Is anything significant in your data? Events become newsworthy with timeliness, proximity, novelty, or impact. The reporter covering a house fire, for example, may ponder various angles: a house that burned down within the news medium’s area is more significant than one outside of it. Yesterday’s fire is more significant than last year’s fire. The mayor’s house is more significant than those of most former mayors. On the other hand, George Washington having slept in the house even one night trumps everything.

Look for anomalies. Everyone’s heard of “man bites dog,” the anomaly that explains what becomes news. “When everything goes as you expect — the sun comes up, spring follows winter, the airplane works flawlessly — there’s no story,” writes Stephen Denning in The Leader’s Guide to Storytelling (2011; Jossey-Bass). “Paying attention to apparent anomalies is one of the reasons that we have survived as a species.”

Remember that the data is not necessarily the story. This is the most common discovery I’ve heard from data analysts. A vice president at AT&T once told Fern Halper, now director of TDWI Research for advanced analytics, to just tell him something that is 80 percent correct. Don’t get too get down in the weeds. “For him,” she said, “good enough was good enough.”

Max Galka, a cofounder of Revaluate, an apartment-rating service for renters in Manhattan, found that his customers wanted simple data. “You have to focus on the high level,” Max said. At first, he displayed data the way he likes it. “I wouldn’t put much credence in a building’s overall score [if] there wasn’t any detail behind it,” he said.
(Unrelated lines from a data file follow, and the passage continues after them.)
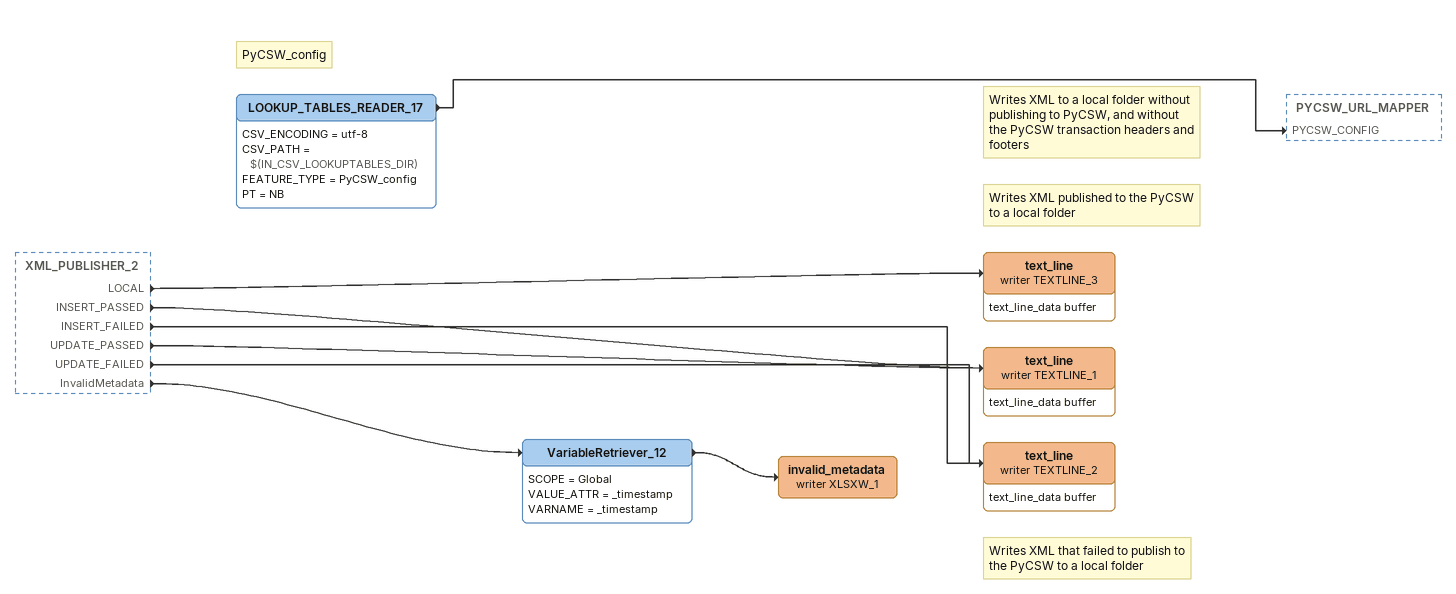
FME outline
XML_PUBLISHER_2 [outside]
    LOCAL -> text_line (writer TEXTLINE_3)
    INSERT_PASSED -> text_line (writer TEXTLINE_1)
    INSERT_FAILED -> text_line (writer TEXTLINE_2)
    UPDATE_PASSED -> text_line (writer TEXTLINE_1)
    UPDATE_FAILED -> text_line (writer TEXTLINE_2)
    InvalidMetadata -> VariableRetriever_12
Note: PyCSW_config
LOOKUP_TABLES_READER_17
    CSV_ENCODING = utf-8
    CSV_PATH = $(IN_CSV_LOOKUPTABLES_DIR)
    FEATURE_TYPE = PyCSW_config
    PT = NB
    -> PYCSW_URL_MAPPER [PYCSW_CONFIG]
Note: Writes XML to a local folder without publishing to PyCSW, and without the PyCSW transaction headers and footers
text_line (writer TEXTLINE_3)
    attributes: text_line_data buffer
Note: Writes XML published to the PyCSW to a local folder
text_line (writer TEXTLINE_1)
    attributes: text_line_data buffer
Note: Writes XML that failed to publish to the PyCSW to a local folder
text_line (writer TEXTLINE_2)
    attributes: text_line_data buffer
VariableRetriever_12
    SCOPE = Global
    VALUE_ATTR = _timestamp
    VARNAME = _timestamp
    -> invalid_metadata (writer XLSXW_1)
invalid_metadata (writer XLSXW_1)

In fact, he could offer deep, rich data on scores of apartments, “but consumers like [simplicity].”

He tried to lure people into logging into the site to get rich data in elaborate tables and hierarchies, the way he likes it. Few did. “One guy checked 10 or so buildings every week without logging in.”

Deciding what data to show, lose, or summarize has to be guided by audience and medium. What does the audience really want to know? What does it know already? What incomplete stories can you support or question?

Is the anecdote about the guy checking so many buildings without logging in meaningful as data? No, it’s about just one person — but it’s the story that’s remembered and retold. Galka, a data analyst, had taken off his data analyst’s hat and put on his journalist’s hat.